Then, during training, i changed the front layers’ requires_grad=False.
Specifically,
for epoch in range(total_epoch):
if epoch == freeze_epoch:
net.conv1.weight.requires_grad = False
train_one_epoch() #update network in an epoch
However, I found that the weights of the front layers are still updated.
I also double-checked that the front layer’s requires_grad=False after changing it.
Why the gradients of front layers are still computed and updated?
How can i implement the same effect in other way (without wrapping each layer as module -> because layers to freeze are not pre-defined ) ??
p.s.
def train_one_epoch():
for data, target in train_loader:
...
optimizer.zero_grad()
loss = ...
loss.backward()
optimizer.step()
If you use momentum or weight_decay (both supported by SGD),
your weights can still be updated even if their gradients are zero.

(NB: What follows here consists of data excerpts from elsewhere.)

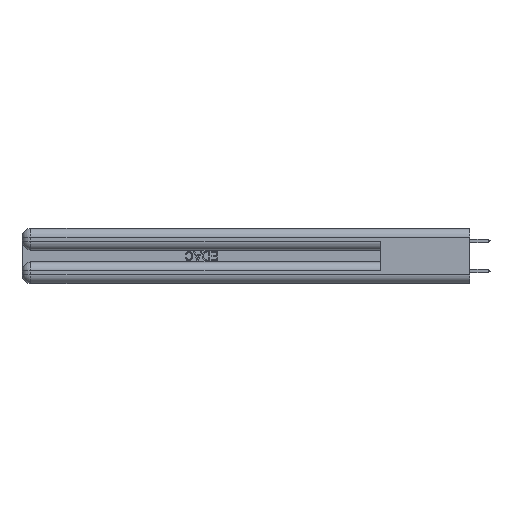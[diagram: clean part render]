
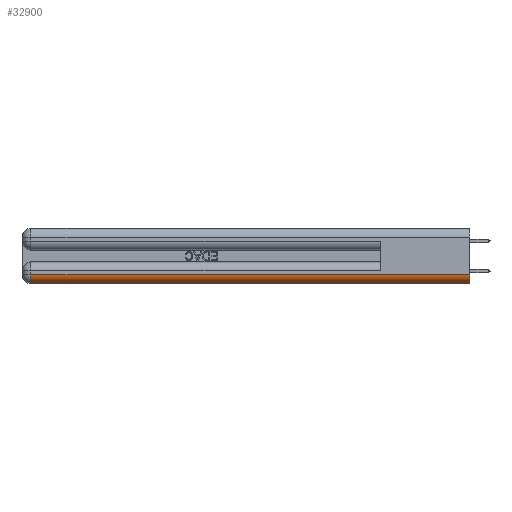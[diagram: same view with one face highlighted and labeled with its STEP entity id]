
A CAD part, left-side view. The second image highlights one B-rep face of the part: STEP entity #32900.
In plain terms, the highlighted cylindrical face has radius 1.524 mm (diameter 3.048 mm), a partial arc.
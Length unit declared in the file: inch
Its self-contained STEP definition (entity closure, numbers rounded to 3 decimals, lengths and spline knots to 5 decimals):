
#1380 = CARTESIAN_POINT ( 'NONE',  ( 0.06, 2.94, 0. ) ) ;
#2150 = CARTESIAN_POINT ( 'NONE',  ( 0.06, 0., 0.06 ) ) ;
#3485 = DIRECTION ( 'NONE',  ( 0., 1., 0. ) ) ;
#5329 = CARTESIAN_POINT ( 'NONE',  ( 0., 0., 0.06 ) ) ;
#5882 = CARTESIAN_POINT ( 'NONE',  ( 0.06, 0., 0.06 ) ) ;
#7122 = ORIENTED_EDGE ( 'NONE', *, *, #21306, .F. ) ;
#9365 = DIRECTION ( 'NONE',  ( 0., -1., 0. ) ) ;
#10905 = VERTEX_POINT ( 'NONE', #5329 ) ;
#10928 = EDGE_LOOP ( 'NONE', ( #28175, #29380, #26837, #7122 ) ) ;
#11577 = CIRCLE ( 'NONE', #43745, 0.06 ) ;
#12289 = VECTOR ( 'NONE', #37015, 39.37008 ) ;
#13393 = LINE ( 'NONE', #41318, #12289 ) ;
#13421 = AXIS2_PLACEMENT_3D ( 'NONE', #2150, #33716, #43987 ) ;
#13923 = VECTOR ( 'NONE', #14291, 39.37008 ) ;
#14213 = CARTESIAN_POINT ( 'NONE',  ( 0., 2.94, 0.06 ) ) ;
#14291 = DIRECTION ( 'NONE',  ( 0., 1., 0. ) ) ;
#19821 = VERTEX_POINT ( 'NONE', #25448 ) ;
#21306 = EDGE_CURVE ( 'NONE', #19821, #25194, #34224, .T. ) ;
#25041 = CYLINDRICAL_SURFACE ( 'NONE', #13421, 0.06 ) ;
#25109 = CARTESIAN_POINT ( 'NONE',  ( 0.06, 3., 0. ) ) ;
#25194 = VERTEX_POINT ( 'NONE', #1380 ) ;
#25448 = CARTESIAN_POINT ( 'NONE',  ( 0.06, 0., 0. ) ) ;
#26837 = ORIENTED_EDGE ( 'NONE', *, *, #38176, .F. ) ;
#27174 = AXIS2_PLACEMENT_3D ( 'NONE', #5882, #9365, #37163 ) ;
#28175 = ORIENTED_EDGE ( 'NONE', *, *, #43457, .F. ) ;
#28890 = FACE_OUTER_BOUND ( 'NONE', #10928, .T. ) ;
#29380 = ORIENTED_EDGE ( 'NONE', *, *, #43313, .F. ) ;
#32900 = ADVANCED_FACE ( 'NONE', ( #28890 ), #25041, .T. ) ;
#33716 = DIRECTION ( 'NONE',  ( 0., 1., 0. ) ) ;
#34224 = LINE ( 'NONE', #25109, #13923 ) ;
#37015 = DIRECTION ( 'NONE',  ( 0., -1., 0. ) ) ;
#37163 = DIRECTION ( 'NONE',  ( 0., 0., 1. ) ) ;
#38160 = CARTESIAN_POINT ( 'NONE',  ( 0.06, 2.94, 0.06 ) ) ;
#38176 = EDGE_CURVE ( 'NONE', #25194, #38333, #11577, .T. ) ;
#38233 = CIRCLE ( 'NONE', #27174, 0.06 ) ;
#38333 = VERTEX_POINT ( 'NONE', #14213 ) ;
#38597 = DIRECTION ( 'NONE',  ( 0., 0., 1. ) ) ;
#41318 = CARTESIAN_POINT ( 'NONE',  ( 0., 0., 0.06 ) ) ;
#43313 = EDGE_CURVE ( 'NONE', #38333, #10905, #13393, .T. ) ;
#43457 = EDGE_CURVE ( 'NONE', #10905, #19821, #38233, .T. ) ;
#43745 = AXIS2_PLACEMENT_3D ( 'NONE', #38160, #3485, #38597 ) ;
#43987 = DIRECTION ( 'NONE',  ( 0., 0., 1. ) ) ;
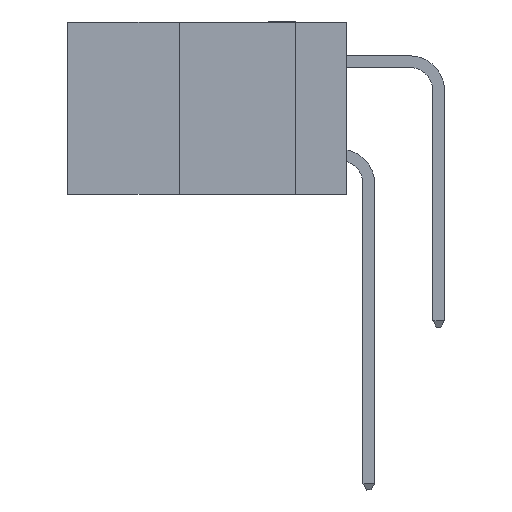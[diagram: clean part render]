
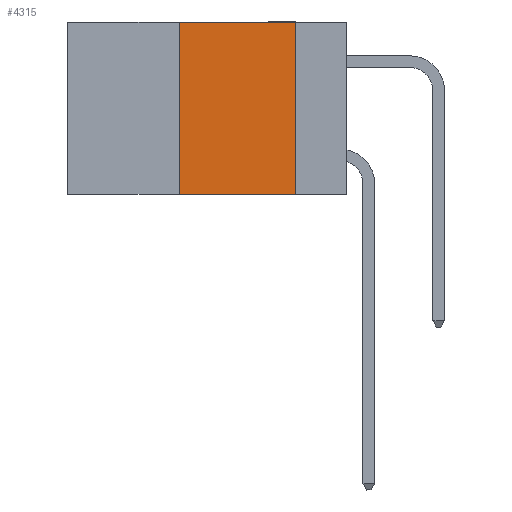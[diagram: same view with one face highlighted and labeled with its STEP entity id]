
A CAD part, left-side view. The second image highlights one B-rep face of the part: STEP entity #4315.
In plain terms, the highlighted planar face has unit normal (-1, 0, 0).
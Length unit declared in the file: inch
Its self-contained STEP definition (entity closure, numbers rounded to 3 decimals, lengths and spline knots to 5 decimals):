
#445 = LINE ( 'NONE', #5975, #1645 ) ;
#1466 = FACE_OUTER_BOUND ( 'NONE', #14757, .T. ) ;
#1645 = VECTOR ( 'NONE', #14944, 39.37008 ) ;
#2670 = VERTEX_POINT ( 'NONE', #15793 ) ;
#4072 = DIRECTION ( 'NONE',  ( 0., 0., -1. ) ) ;
#4263 = LINE ( 'NONE', #14110, #13466 ) ;
#4315 = ADVANCED_FACE ( 'NONE', ( #1466 ), #15662, .F. ) ;
#4442 = LINE ( 'NONE', #9544, #13647 ) ;
#4547 = EDGE_CURVE ( 'NONE', #16046, #9885, #4263, .T. ) ;
#4984 = AXIS2_PLACEMENT_3D ( 'NONE', #5585, #5477, #4072 ) ;
#5477 = DIRECTION ( 'NONE',  ( 1., 0., 0. ) ) ;
#5585 = CARTESIAN_POINT ( 'NONE',  ( 0., 0.6, 0. ) ) ;
#5975 = CARTESIAN_POINT ( 'NONE',  ( 0., 0.36, 0. ) ) ;
#5999 = ORIENTED_EDGE ( 'NONE', *, *, #6023, .F. ) ;
#6023 = EDGE_CURVE ( 'NONE', #7644, #16046, #4442, .T. ) ;
#7644 = VERTEX_POINT ( 'NONE', #9428 ) ;
#8401 = LINE ( 'NONE', #15168, #14201 ) ;
#8879 = ORIENTED_EDGE ( 'NONE', *, *, #13559, .F. ) ;
#9428 = CARTESIAN_POINT ( 'NONE',  ( 0., 0.36, 0. ) ) ;
#9544 = CARTESIAN_POINT ( 'NONE',  ( 0., 0.6, 0. ) ) ;
#9885 = VERTEX_POINT ( 'NONE', #14238 ) ;
#10373 = DIRECTION ( 'NONE',  ( 0., 0., -1. ) ) ;
#11342 = EDGE_CURVE ( 'NONE', #2670, #9885, #8401, .T. ) ;
#11959 = ORIENTED_EDGE ( 'NONE', *, *, #11342, .T. ) ;
#13466 = VECTOR ( 'NONE', #10373, 39.37008 ) ;
#13559 = EDGE_CURVE ( 'NONE', #2670, #7644, #445, .T. ) ;
#13647 = VECTOR ( 'NONE', #13738, 39.37008 ) ;
#13738 = DIRECTION ( 'NONE',  ( 0., -1., 0. ) ) ;
#13932 = DIRECTION ( 'NONE',  ( 0., -1., 0. ) ) ;
#14110 = CARTESIAN_POINT ( 'NONE',  ( 0., 0.11, 0. ) ) ;
#14201 = VECTOR ( 'NONE', #13932, 39.37008 ) ;
#14238 = CARTESIAN_POINT ( 'NONE',  ( 0., 0.11, -0.37 ) ) ;
#14757 = EDGE_LOOP ( 'NONE', ( #16250, #5999, #8879, #11959 ) ) ;
#14944 = DIRECTION ( 'NONE',  ( 0., 0., 1. ) ) ;
#15168 = CARTESIAN_POINT ( 'NONE',  ( 0., 0.6, -0.37 ) ) ;
#15263 = CARTESIAN_POINT ( 'NONE',  ( 0., 0.11, 0. ) ) ;
#15662 = PLANE ( 'NONE',  #4984 ) ;
#15793 = CARTESIAN_POINT ( 'NONE',  ( 0., 0.36, -0.37 ) ) ;
#16046 = VERTEX_POINT ( 'NONE', #15263 ) ;
#16250 = ORIENTED_EDGE ( 'NONE', *, *, #4547, .F. ) ;
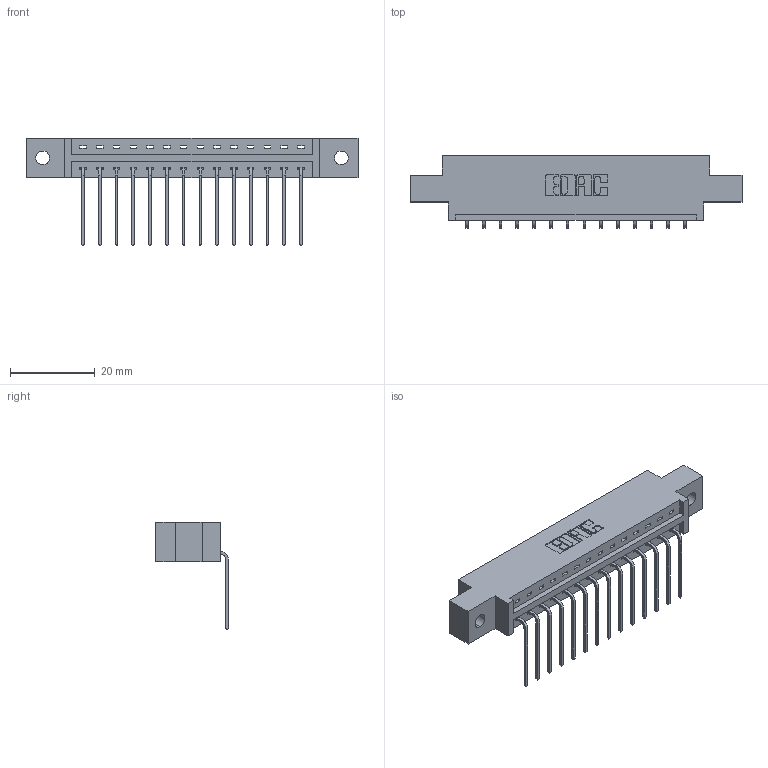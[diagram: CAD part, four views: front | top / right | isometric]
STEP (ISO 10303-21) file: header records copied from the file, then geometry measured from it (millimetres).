
FILE_DESCRIPTION (( 'STEP AP203' ), '1' );
FILE_NAME ('387-014-559-602.STEP', '2018-09-11T06:28:45', ( '' ), ( '' ), 'SwSTEP 2.0', 'SolidWorks 2016', '' );
FILE_SCHEMA (( 'CONFIG_CONTROL_DESIGN' ));
Length unit declared in the file: inch
Products named in the file (3): 337 Part_0.170 Offset - 0.128 Dia; 345-292-001_558 559 Tail - 1; 387-014-559-602
Assembly tree (15 placements, depth 2):
  387-014-559-602
    337 Part_0.170 Offset - 0.128 Dia
    345-292-001_558 559 Tail - 1  x14
Bounding box: 78.49 x 17.09 x 25.53 mm (x, y, z)
Volume: 7699.4 mm3; surface area: 7913.9 mm2
Topology: 15 solids, 15 shells, 1014 faces, 3039 edges, 2006 vertices
Faces by surface type: plane 746, cylinder 268
Entity records: 14247 total; most frequent: CARTESIAN_POINT 2488, ORIENTED_EDGE 2438, DIRECTION 2151, EDGE_CURVE 1219, VECTOR 1091, LINE 1091, VERTEX_POINT 810, AXIS2_PLACEMENT_3D 530
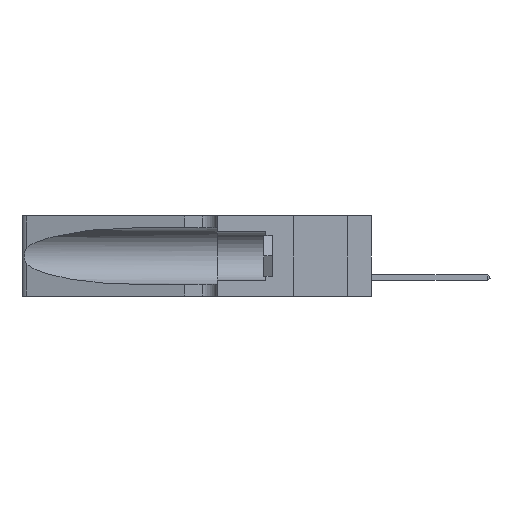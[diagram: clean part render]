
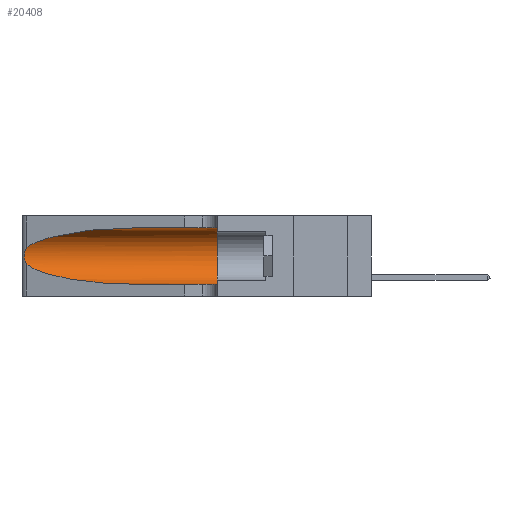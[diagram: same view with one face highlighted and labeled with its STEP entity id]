
A CAD part, left-side view. The second image highlights one B-rep face of the part: STEP entity #20408.
In plain terms, the highlighted cylindrical face has radius 3.308 mm (diameter 6.617 mm), a partial arc.
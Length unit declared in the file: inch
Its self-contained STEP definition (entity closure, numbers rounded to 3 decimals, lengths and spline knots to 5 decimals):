
#81 = VERTEX_POINT ( 'NONE', #19485 ) ;
#182 = EDGE_LOOP ( 'NONE', ( #18300, #10756, #19482, #4233, #13568, #1882 ) ) ;
#198 = VERTEX_POINT ( 'NONE', #24561 ) ;
#1805 = CARTESIAN_POINT ( 'NONE',  ( 0.25789, 1.23486, 0.15765 ) ) ;
#1882 = ORIENTED_EDGE ( 'NONE', *, *, #18345, .F. ) ;
#1943 = CARTESIAN_POINT ( 'NONE',  ( 0.26075, 1.23896, 0.19203 ) ) ;
#3137 = CARTESIAN_POINT ( 'NONE',  ( 0.1305, 0.72297, 0.31525 ) ) ;
#3324 = EDGE_CURVE ( 'NONE', #7286, #6044, #3635, .T. ) ;
#3488 = CARTESIAN_POINT ( 'NONE',  ( 0.1305, 0.35, 0.05475 ) ) ;
#3635 = LINE ( 'NONE', #35836, #27811 ) ;
#4233 = ORIENTED_EDGE ( 'NONE', *, *, #3324, .T. ) ;
#4798 = CARTESIAN_POINT ( 'NONE',  ( 0.25555, 1.22994, 0.2215 ) ) ;
#5999 = CARTESIAN_POINT ( 'NONE',  ( 0.25487, 1.22718, 0.22369 ) ) ;
#6044 = VERTEX_POINT ( 'NONE', #3488 ) ;
#6120 = VECTOR ( 'NONE', #22285, 39.37008 ) ;
#6574 = CARTESIAN_POINT ( 'NONE',  ( 0.1305, 1.61858, 0.185 ) ) ;
#6577 = CARTESIAN_POINT ( 'NONE',  ( 0.18966, 0.96281, 0.05475 ) ) ;
#7286 = VERTEX_POINT ( 'NONE', #11032 ) ;
#7685 = CARTESIAN_POINT ( 'NONE',  ( 0.25856, 1.23593, 0.16098 ) ) ;
#7799 = CARTESIAN_POINT ( 'NONE',  ( 0.25854, 1.2359, 0.20912 ) ) ;
#7836 = CYLINDRICAL_SURFACE ( 'NONE', #24953, 0.13025 ) ;
#7953 = LINE ( 'NONE', #16158, #6120 ) ;
#9571 = DIRECTION ( 'NONE',  ( 0., -1., 0. ) ) ;
#9995 = AXIS2_PLACEMENT_3D ( 'NONE', #29782, #18483, #32660 ) ;
#10288 = CARTESIAN_POINT ( 'NONE',  ( 0.25639, 1.23186, 0.15144 ) ) ;
#10536 = CARTESIAN_POINT ( 'NONE',  ( 0.26017, 1.23833, 0.17102 ) ) ;
#10756 = ORIENTED_EDGE ( 'NONE', *, *, #21571, .T. ) ;
#11032 = CARTESIAN_POINT ( 'NONE',  ( 0.1305, 0.72297, 0.05475 ) ) ;
#11264 = CARTESIAN_POINT ( 'NONE',  ( 0.18966, 0.96281, 0.31525 ) ) ;
#13002 = CARTESIAN_POINT ( 'NONE',  ( 0.25555, 1.22993, 0.14849 ) ) ;
#13568 = ORIENTED_EDGE ( 'NONE', *, *, #28296, .F. ) ;
#15913 = CARTESIAN_POINT ( 'NONE',  ( 0.25639, 1.23184, 0.21858 ) ) ;
#16158 = CARTESIAN_POINT ( 'NONE',  ( 0.1305, 1.61858, 0.31525 ) ) ;
#18300 = ORIENTED_EDGE ( 'NONE', *, *, #35252, .T. ) ;
#18345 = EDGE_CURVE ( 'NONE', #81, #30787, #7953, .T. ) ;
#18483 = DIRECTION ( 'NONE',  ( 0., 1., 0. ) ) ;
#18982 = CARTESIAN_POINT ( 'NONE',  ( 0.25787, 1.23484, 0.2124 ) ) ;
#19304 = CIRCLE ( 'NONE', #9995, 0.13025 ) ;
#19482 = ORIENTED_EDGE ( 'NONE', *, *, #33327, .T. ) ;
#19485 = CARTESIAN_POINT ( 'NONE',  ( 0.1305, 0.72297, 0.31525 ) ) ;
#20408 = ADVANCED_FACE ( 'NONE', ( #31933 ), #7836, .F. ) ;
#21571 = EDGE_CURVE ( 'NONE', #198, #24014, #30412, .T. ) ;
#22285 = DIRECTION ( 'NONE',  ( 0., -1., 0. ) ) ;
#22673 = CARTESIAN_POINT ( 'NONE',  ( 0.2373, 1.15595, 0.08982 ) ) ;
#23121 = CARTESIAN_POINT ( 'NONE',  ( 0.2373, 1.15595, 0.28018 ) ) ;
#23168 = CARTESIAN_POINT ( 'NONE',  ( 0.1305, 0.35, 0.31525 ) ) ;
#23826 = CARTESIAN_POINT ( 'NONE',  ( 0.1305, 0.72297, 0.05475 ) ) ;
#24014 = VERTEX_POINT ( 'NONE', #35742 ) ;
#24561 = CARTESIAN_POINT ( 'NONE',  ( 0.25487, 1.22718, 0.22369 ) ) ;
#24794 = CARTESIAN_POINT ( 'NONE',  ( 0.26075, 1.23896, 0.178 ) ) ;
#24924 = CARTESIAN_POINT ( 'NONE',  ( 0.26018, 1.23835, 0.19895 ) ) ;
#24953 = AXIS2_PLACEMENT_3D ( 'NONE', #6574, #9571, #29417 ) ;
#25669 = CARTESIAN_POINT ( 'NONE',  ( 0.25487, 1.22718, 0.14631 ) ) ;
#27780 = CARTESIAN_POINT ( 'NONE',  ( 0.25487, 1.22718, 0.14631 ) ) ;
#27811 = VECTOR ( 'NONE', #32939, 39.37008 ) ;
#28296 = EDGE_CURVE ( 'NONE', #30787, #6044, #19304, .T. ) ;
#29417 = DIRECTION ( 'NONE',  ( 0., 0., -1. ) ) ;
#29661 =( BOUNDED_CURVE ( )  B_SPLINE_CURVE ( 3, ( #3137, #11264, #23121, #5999 ),
 .UNSPECIFIED., .F., .F. ) 
 B_SPLINE_CURVE_WITH_KNOTS ( ( 4, 4 ),
 ( 1.5708, 2.84003 ),
 .UNSPECIFIED. ) 
 CURVE ( )  GEOMETRIC_REPRESENTATION_ITEM ( )  RATIONAL_B_SPLINE_CURVE ( ( 1., 0.87, 0.87, 1. ) ) 
 REPRESENTATION_ITEM ( '' )  );
#29782 = CARTESIAN_POINT ( 'NONE',  ( 0.1305, 0.35, 0.185 ) ) ;
#30412 = B_SPLINE_CURVE_WITH_KNOTS ( 'NONE', 3,
 ( #36044, #4798, #15913, #18982, #7799, #24924, #1943, #24794, #10536, #7685, #1805, #10288, #13002, #27780 ),
 .UNSPECIFIED., .F., .F.,
 ( 4, 2, 2, 2, 2, 2, 4 ),
 ( 0., 0.00027, 0.00053, 0.00107, 0.0016, 0.00187, 0.00214 ),
 .UNSPECIFIED. ) ;
#30787 = VERTEX_POINT ( 'NONE', #23168 ) ;
#31933 = FACE_OUTER_BOUND ( 'NONE', #182, .T. ) ;
#32660 = DIRECTION ( 'NONE',  ( 0., 0., 1. ) ) ;
#32939 = DIRECTION ( 'NONE',  ( 0., -1., 0. ) ) ;
#33327 = EDGE_CURVE ( 'NONE', #24014, #7286, #34698, .T. ) ;
#34698 =( BOUNDED_CURVE ( )  B_SPLINE_CURVE ( 3, ( #25669, #22673, #6577, #23826 ),
 .UNSPECIFIED., .F., .F. ) 
 B_SPLINE_CURVE_WITH_KNOTS ( ( 4, 4 ),
 ( 3.44316, 4.71239 ),
 .UNSPECIFIED. ) 
 CURVE ( )  GEOMETRIC_REPRESENTATION_ITEM ( )  RATIONAL_B_SPLINE_CURVE ( ( 1., 0.87, 0.87, 1. ) ) 
 REPRESENTATION_ITEM ( '' )  );
#35252 = EDGE_CURVE ( 'NONE', #81, #198, #29661, .T. ) ;
#35742 = CARTESIAN_POINT ( 'NONE',  ( 0.25487, 1.22718, 0.14631 ) ) ;
#35836 = CARTESIAN_POINT ( 'NONE',  ( 0.1305, 1.61858, 0.05475 ) ) ;
#36044 = CARTESIAN_POINT ( 'NONE',  ( 0.25487, 1.22718, 0.22369 ) ) ;
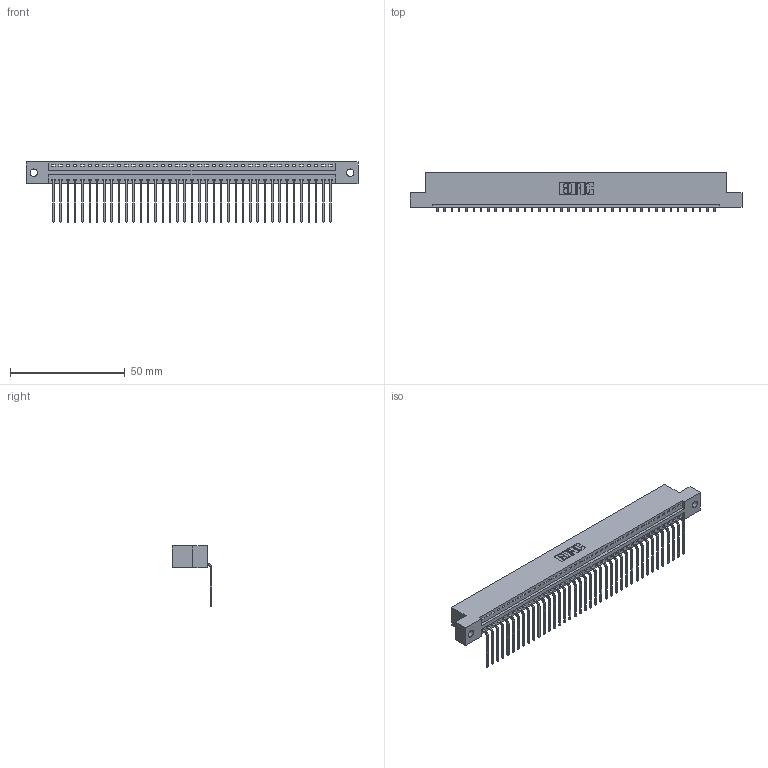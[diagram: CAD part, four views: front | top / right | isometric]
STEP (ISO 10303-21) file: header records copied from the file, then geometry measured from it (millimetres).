
FILE_DESCRIPTION (( 'STEP AP203' ), '1' );
FILE_NAME ('396-039-559-102.STEP', '2019-10-31T22:37:25', ( '' ), ( '' ), 'SwSTEP 2.0', 'SolidWorks 2016', '' );
FILE_SCHEMA (( 'CONFIG_CONTROL_DESIGN' ));
Length unit declared in the file: inch
Products named in the file (3): 346 Part_Flush Mounting Lugs - 0.128 Dia; 345-292-001_558 559 Tail - 1; 396-039-559-102
Assembly tree (40 placements, depth 2):
  396-039-559-102
    346 Part_Flush Mounting Lugs - 0.128 Dia
    345-292-001_558 559 Tail - 1  x39
Bounding box: 144.4 x 17.08 x 26.16 mm (x, y, z)
Volume: 13894.8 mm3; surface area: 17838.2 mm2
Topology: 40 solids, 40 shells, 2462 faces, 7427 edges, 4898 vertices
Faces by surface type: plane 1714, cylinder 748
Entity records: 24695 total; most frequent: CARTESIAN_POINT 4241, ORIENTED_EDGE 4214, DIRECTION 3745, EDGE_CURVE 2107, VECTOR 1819, LINE 1819, VERTEX_POINT 1402, AXIS2_PLACEMENT_3D 963

Have you checked that your requires_grad = False gradients are,
in fact, being calculated and given non-zero values? Or do you just
see that the weights are being changed by optimizer.step()?
First, are you using non-zero momentum or weight_decay?
I should have asked my question about non-zero gradients more
carefully:
I’m reasonably sure that SGD implements weight_decay (and
maybe momentum) by modifying the gradients before applying
the actual update step – even if the gradients are zero, or have requires_grad = False.
So, I should aks: Are the gradients in question zero after calling loss.backward(), but before calling optimizer.step()?
First of all, i am using the momentum in optimizer.
So i understand, the optimizer could update the parameters after i changed the requires_grad=False.
When i check the gradient is “after” calling optimizer.step().
As you mentioned, if the optimizer with momentum modify the gradients of parameters with requires_grad=False, the phenomenon is understanble.
So i will check the gradients before optimizer.step() and will additionally attach the reply.
Seems like I have also faced with similar problem. I was trying to use pretrained ResNet with changing few last layers, but it was not training (loss was increasing, while accuracy was near same).
Here you can see how you can specify which layers in the model should be optimized, by checking whether they are freezed or not.
My experience with AdamW told me that once you pass the parameters into an optimizer and train them for a step, then the only flag that determines whether to calculate grad, is NOT
param.requires_grad
but
param.grad is None
If you don’t want to re-instantiate the optimizer and just want to tell the existing optimizer not to calculate the grad of some parameters, you have to manually set param.grad to None.
For the same reason, if you want to resume the training of some parameters, requires_grad = True will not work. Instead you have to do use param.grad = torch.zeros_like(param)
Interesting! Just curious, are there any plans to standardize this behavior? Or has this behavior already changed in the later versions?
For instance, isn’t this property desirable? : Regardless of the model’s state, the requires_grad flag should dictate the gradient computation and the update by the optimizer.